Wong Kasen, Kameoka Alyssa, Fukui Jami Aya
John A. Burns School of Medicine, University of Hawaii, 651 Ilalo Street, Honolulu, HI 96813, USA.
John A. Burns School of Medicine, University of Hawaii, Honolulu, HI, USA.
Ther Adv Med Oncol. 2025 Jul 8;17:17588359251351121. doi: 10.1177/17588359251351121. eCollection 2025.

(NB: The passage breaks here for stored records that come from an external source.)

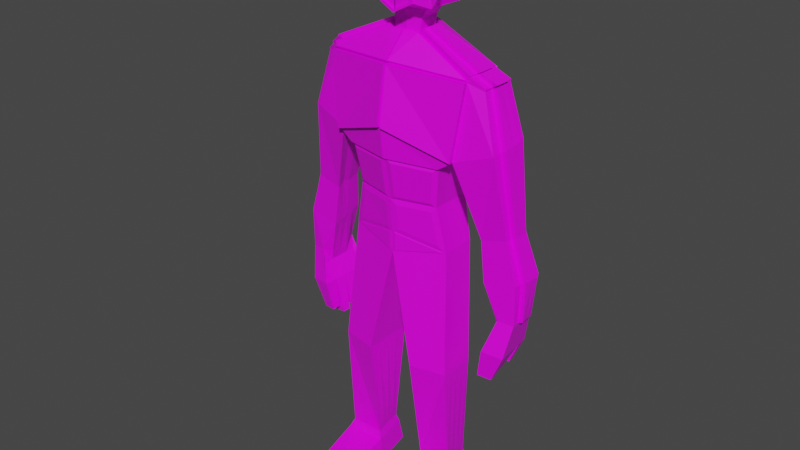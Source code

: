 # Source: AI_Model_-_Base.blend  (saved by Blender 3.0.42; exported with 4.5.12 LTS)
import bpy
from mathutils import Matrix  # noqa: F401  (used for matrix-valued properties, if any)

bpy.ops.wm.read_factory_settings(use_empty=True)
scene = bpy.context.scene
scene.name = 'Scene'

# ---- collections
col_collection = bpy.data.collections.new('Collection'); scene.collection.children.link(col_collection)

# ---- images (referenced by path relative to the original .blend; pixels are not part of the script)
import os
ASSET_DIR = os.environ.get("B2B_ASSET_DIR", "")  # directory of the original .blend (textures are referenced by path, not embedded)
HERE = os.path.dirname(os.path.abspath(__file__))  # packed textures are extracted next to this script under _unpacked/

def load_image(name, relpath, width, height, colorspace="sRGB"):
    """Load a texture the original file referenced (path relative to the .blend, or extracted next to this script)."""
    p = next((c for c in (os.path.join(HERE, relpath), os.path.join(ASSET_DIR, relpath)) if relpath and os.path.exists(c)), "")
    if p:
        img = bpy.data.images.load(p, check_existing=True)
        img.name = name
    else:  # same state as the original file: an image datablock whose file is absent (Cycles renders it pink)
        img = bpy.data.images.new(name, width, height)
        img.source = "FILE"
        img.filepath = "//" + (relpath or name)
    img.colorspace_settings.name = colorspace
    return img
img_colour_grid_png = load_image('Colour_Grid.png', 'Colour_Grid.png', 1024, 1024, 'sRGB')

# ---- materials (node trees are filled in below, after node groups)
mat_material = bpy.data.materials.new('Material')
mat_material.alpha_threshold = 0.0
mat_material.use_transparent_shadow = False
mat_material.line_color = (0.0, 0.0, 0.0, 1.0)

# ---- material node trees
mat_material.use_nodes = True; mat_material.node_tree.nodes.clear()
_N = mat_material.node_tree.nodes; _L = mat_material.node_tree.links
n0 = _N.new('ShaderNodeOutputMaterial'); n0.name = 'Material Output'; n0.location = (300, 300)
n1 = _N.new('ShaderNodeBsdfPrincipled'); n1.name = 'Principled BSDF'; n1.location = (10, 300)
n1.distribution = 'GGX'
n1.subsurface_method = 'RANDOM_WALK_SKIN'
n1.inputs[2].default_value = 0.4
n1.inputs[3].default_value = 1.45
n1.inputs[27].default_value = (0.0, 0.0, 0.0, 1.0)
n1.inputs[28].default_value = 1.0
n2 = _N.new('ShaderNodeTexImage'); n2.name = 'Image Texture'; n2.location = (-280, 280)
n2.image = img_colour_grid_png
_L.new(n1.outputs[0], n0.inputs[0])
_L.new(n2.outputs[0], n1.inputs[0])
n0.is_active_output = True

# ---- world
world_world = bpy.data.worlds.new('World'); scene.world = world_world
world_world.use_nodes = True; world_world.node_tree.nodes.clear()
_N = world_world.node_tree.nodes; _L = world_world.node_tree.links
n0 = _N.new('ShaderNodeOutputWorld'); n0.name = 'World Output'; n0.location = (300, 300)
n1 = _N.new('ShaderNodeBackground'); n1.name = 'Background'; n1.location = (10, 300)
n1.inputs[0].default_value = (0.05088, 0.05088, 0.05088, 1.0)
_L.new(n1.outputs[0], n0.inputs[0])
n0.is_active_output = True
world_world.color = (0.05088, 0.05088, 0.05088)
world_world.use_sun_shadow = False
world_world.sun_shadow_jitter_overblur = 0.0

# ---- meshes
me_cube = bpy.data.meshes.new('Cube')
me_cube.from_pydata([(0.7476, 0.2627, 0.8243), (0.5103, 0.344, 0.0161), (0.7476, -0.1113, 0.8243), (0.5103, -0.184, -0.01825), (0.0, 0.4449, 0.9937), (0.0, 0.4604, -0.003335), (-0.001466, -0.2613, 0.879), (0.0, -0.321, -0.002935), (0.5457, 0.2827, -0.9117), (0.5457, -0.09069, -0.9117), (-0.001906, 0.4502, -0.9476), (0.0, -0.2188, -0.7997), (0.5457, 0.2827, -0.9117), (0.5457, -0.09069, -0.9117), (-0.001906, 0.4502, -0.9476), (-0.001464, -0.2197, -1.013), (0.5457, 0.2827, -0.9117), (0.5457, -0.09069, -0.9117), (-0.001906, 0.4502, -0.9476), (-0.001464, -0.2197, -1.013), (0.634, 0.1991, -2.204), (0.634, -0.1904, -2.204), (0.2552, 0.2782, -2.203), (0.2552, -0.2694, -2.203), (0.6058, 0.254, -3.453), (0.6695, -0.1495, -3.453), (0.3209, 0.2586, -3.452), (0.2477, -0.1375, -3.452), (0.6824, 0.3407, 0.1662), (0.0, -0.3552, 0.3092), (0.6487, -0.1692, 0.07513), (0.00379, 0.5317, 0.2393), (0.9018, 0.3185, 0.7623), (0.9018, -0.05547, 0.7623), (1.064, 0.3227, 0.2713), (1.044, -0.1017, 0.2078), (0.9772, 0.3818, -1.055), (0.9342, -0.01778, -1.111), (1.285, 0.3678, -1.059), (1.271, 0.005939, -1.056), (1.083, 0.3819, -1.439), (1.111, -0.02675, -1.457), (1.215, 0.3754, -1.508), (1.27, 0.01207, -1.479), (0.8833, -0.007567, -0.6917), (1.149, 0.01089, -0.6258), (1.162, 0.3018, -0.6247), (0.9154, 0.3131, -0.6404), (0.6314, 0.2904, -3.697), (0.7069, -0.1875, -3.697), (0.294, 0.2958, -3.696), (0.2073, -0.1733, -3.696), (0.2658, -0.7978, -3.62), (0.6453, -0.7159, -3.621), (0.2644, -0.7979, -3.692), (0.644, -0.7159, -3.694), (0.584, 0.2221, -3.369), (0.3395, 0.2306, -3.368), (0.2828, -0.1106, -3.368), (0.6334, -0.115, -3.369), (0.7476, -0.1113, 0.8243), (-0.001466, -0.2613, 0.879), (0.7476, 0.2627, 0.8243), (0.0, 0.4449, 0.9937), (0.1427, -0.01041, 1.098), (0.0, -0.01995, 1.11), (0.141, 0.2086, 1.098), (0.0, 0.3613, 1.108), (0.2044, 0.01015, 1.336), (0.0, -0.01922, 1.341), (0.2034, 0.232, 1.332), (0.0, 0.3529, 1.348), (0.2044, 0.01015, 1.336), (0.0, -0.01922, 1.341), (0.2034, 0.232, 1.332), (0.0, 0.3529, 1.348), (0.4538, 0.3129, -0.4526), (0.0, -0.2441, -0.4529), (0.4508, -0.1258, -0.4534), (0.0, 0.4468, -0.4755), (0.3643, -0.1288, 1.401), (0.0, 0.0009465, 1.603), (0.1766, 0.5111, 1.708), (0.1119, 0.5193, 1.743), (0.3222, -0.1269, 1.973), (-0.14, -0.1429, 2.126), (0.1637, 0.5042, 1.807), (0.08794, 0.5492, 1.831), (0.2027, -0.1783, 1.43), (0.0, -0.1854, 1.322), (0.206, -0.1788, 1.599), (0.0, -0.1843, 1.588), (0.2192, -0.1783, 1.755), (0.0, -0.1843, 1.851), (0.1511, 0.2273, 1.253), (0.0, 0.3285, 1.266), (0.0, -0.017, 1.264), (0.1515, 0.005171, 1.257), (0.0, 0.3285, 1.266), (0.9663, 0.4242, -1.777), (1.004, -0.1182, -1.802), (1.142, 0.4156, -1.869), (1.216, -0.06666, -1.83), (1.055, 0.3691, -1.592), (1.083, -0.03951, -1.611), (0.9663, 0.4242, -1.777), (1.004, -0.1182, -1.802), (0.9637, 0.4264, -1.778), (1.001, -0.116, -1.803), (1.14, 0.4178, -1.87), (1.213, -0.06448, -1.831), (0.7476, 0.1692, 0.8243), (0.7476, 0.07568, 0.8243), (0.7476, -0.01781, 0.8243), (-0.0011, -0.08476, 0.9077), (0.0, 0.09179, 0.9363), (0.0, 0.2683, 0.965), (0.5103, -0.05201, -0.009661), (0.5103, 0.08, -0.001073), (0.5103, 0.212, 0.007515), (0.0, 0.2702, -0.9107), (0.0, 0.1072, -0.8737), (0.0, -0.05577, -0.8367), (0.5457, 0.002667, -0.9117), (0.5457, 0.09602, -0.9117), (0.5457, 0.1894, -0.9117), (0.0, 0.2735, -0.9641), (0.0, 0.1137, -0.9805), (0.0, -0.046, -0.997), (0.5457, 0.002667, -0.9117), (0.5457, 0.09602, -0.9117), (0.5457, 0.1894, -0.9117), (0.0, 0.2735, -0.9641), (0.0, 0.1137, -0.9805), (0.0, -0.046, -0.997), (0.5457, 0.002667, -0.9117), (0.5457, 0.09602, -0.9117), (0.5457, 0.1894, -0.9117), (0.2552, 0.1413, -2.203), (0.2552, 0.004364, -2.203), (0.2552, -0.1325, -2.203), (0.634, -0.09301, -2.204), (0.634, 0.004364, -2.204), (0.634, 0.1017, -2.204), (0.3026, 0.1596, -3.452), (0.2843, 0.06054, -3.452), (0.266, -0.03848, -3.452), (0.6536, -0.0486, -3.453), (0.6376, 0.05227, -3.453), (0.6217, 0.1531, -3.453), (0.674, 0.2132, 0.1434), (0.6656, 0.08574, 0.1207), (0.6784, -0.02916, 0.0753), (0.9018, 0.225, 0.7623), (0.9018, 0.1315, 0.7623), (0.9018, 0.03802, 0.7623), (1.059, 0.2166, 0.2554), (1.049, 0.004423, 0.2237), (0.9665, 0.2819, -1.069), (0.9557, 0.182, -1.083), (0.945, 0.0821, -1.097), (1.282, 0.2773, -1.058), (1.275, 0.09639, -1.056), (1.062, 0.2669, -1.597), (1.069, 0.1648, -1.601), (1.076, 0.06264, -1.606), (1.229, 0.2845, -1.501), (1.243, 0.1937, -1.493), (1.257, 0.1029, -1.486), (0.9074, 0.2329, -0.6532), (0.8993, 0.1528, -0.6661), (0.8963, 0.0772, -0.6474), (1.152, 0.08361, -0.6255), (1.159, 0.2291, -0.625), (0.2723, 0.1785, -3.696), (0.2506, 0.06127, -3.696), (0.229, -0.05601, -3.696), (0.688, -0.068, -3.697), (0.6691, 0.05148, -3.697), (0.6503, 0.171, -3.697), (0.6211, -0.03072, -3.369), (0.6087, 0.05356, -3.369), (0.5963, 0.1378, -3.369), (0.3253, 0.1453, -3.368), (0.3111, 0.05997, -3.368), (0.2969, -0.02534, -3.368), (0.7476, 0.1692, 0.8243), (0.7476, 0.07568, 0.8243), (0.7476, -0.01781, 0.8243), (-0.0011, -0.08476, 0.9077), (0.0, 0.09179, 0.9363), (0.0, 0.2683, 0.965), (0.1414, 0.1538, 1.098), (0.1418, 0.09907, 1.098), (0.1423, 0.04433, 1.098), (0.0, 0.07536, 1.11), (0.0, 0.1707, 1.109), (0.0, 0.266, 1.108), (0.2036, 0.1766, 1.333), (0.2039, 0.1211, 1.334), (0.2041, 0.06562, 1.335), (0.0, 0.07381, 1.343), (0.0, 0.1668, 1.345), (0.0, 0.2599, 1.346), (0.2036, 0.1766, 1.333), (0.2039, 0.1211, 1.334), (0.2041, 0.06562, 1.335), (0.0, 0.07381, 1.343), (0.0, 0.1668, 1.345), (0.0, 0.2599, 1.346), (0.4516, -0.0161, -0.4532), (0.4523, 0.09357, -0.453), (0.453, 0.2032, -0.4528), (0.3745, 0.3039, 1.399), (0.3565, 0.12, 1.543), (0.3548, 0.04811, 1.544), (0.0, 0.1248, 1.603), (0.0, 0.2486, 1.603), (0.0, 0.3724, 1.603), (0.3073, 0.2742, 1.972), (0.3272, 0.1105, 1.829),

Despite initial treatment, breast cancer recurrence affects approximately 30% of patients. Currently, there exists no standardized approach to detect recurrence before clinical or radiologic signs manifest. Circulating tumor DNA (ctDNA) is a minimally invasive blood test that offers potential to monitor molecular disease and individualize care. This study explores the utility of ctDNA in recurrence monitoring and clinical decision-making for high-risk breast cancer cases within a community setting. Seventy-two patients with high-risk breast cancer features-defined as stage III disease, triple-negative or HR-/HER2+ following neoadjuvant treatment, metastatic breast cancer without evidence of disease, bilateral breast cancer history, high-risk genetics (BRCA1/BRCA2 mutations), <40 years old at diagnosis, or history of breast cancer recurrence-were offered tumor-informed ctDNA assays at 3- to 6-month intervals. Analysis was conducted on 67 cases with a mean diagnostic age of 52.69 at diagnosis. The cohort was ethnically diverse, including White ( = 21, 31.82%), Japanese ( = 15, 22.73%), Native Hawaiian ( = 11, 16.67%), and Filipino ( = 7, 10.61%) patients. Seven (10.45%) tests were positive: six predicted recurrence despite four with initially negative radiological findings, and one prompted treatment resumption following prior non-adherence. However, one negative result was false and later showed a contralateral breast recurrence, and another negative test coincided with a new primary cholangiocarcinoma. In two cases, ctDNA negativity was utilized to monitor treatment response in metastatic disease and inform therapeutic adjustments. In real-world settings, ctDNA served as a valuable tool for earlier recurrence prediction, expediting radiological confirmation, and influencing treatment. Nevertheless, false results carry the risk of hindering effective care and inducing considerable patient anxiety. Future large-scale studies are warranted in high-risk breast cancer populations to evaluate ctDNA's impact on patient survival outcomes, treatment monitoring, and patients' emotional experiences.
尽管进行了初始治疗,但仍有大约30%的患者会出现乳腺癌复发。目前,在临床或放射学症状出现之前,尚无标准化的方法来检测复发情况。循环肿瘤DNA(ctDNA)是一种微创血液检测,具有监测分子疾病和实现个体化治疗的潜力。本研究探讨了ctDNA在社区环境中高危乳腺癌病例复发监测和临床决策中的应用。72例具有高危乳腺癌特征的患者——定义为III期疾病、新辅助治疗后三阴性或HR-/HER2+、无疾病证据的转移性乳腺癌、双侧乳腺癌病史、高危遗传学(BRCA1/BRCA2突变)、诊断时年龄<40岁或有乳腺癌复发史——每隔3至6个月接受一次肿瘤知情ctDNA检测。对67例病例进行了分析,诊断时的平均年龄为52.69岁。该队列种族多样,包括白人(n = 21,31.82%)、日本人(n = 15,22.73%)、夏威夷原住民(n = 11,16.67%)和菲律宾人(n = 7,10.61%)患者。7次(10.45%)检测呈阳性:6次预测了复发,尽管其中4次最初的放射学检查结果为阴性,1次促使在先前不依从后恢复治疗。然而,1次阴性结果为假阳性,后来显示对侧乳房复发,另1次阴性检测与新发原发性胆管癌同时出现。在2例病例中,ctDNA阴性被用于监测转移性疾病的治疗反应并指导治疗调整。在现实环境中,ctDNA是早期复发预测、加快放射学确认和影响治疗的有价值工具。然而,假结果有阻碍有效治疗并引起患者极大焦虑的风险。未来有必要在高危乳腺癌人群中开展大规模研究,以评估ctDNA对患者生存结局、治疗监测和患者情感体验的影响。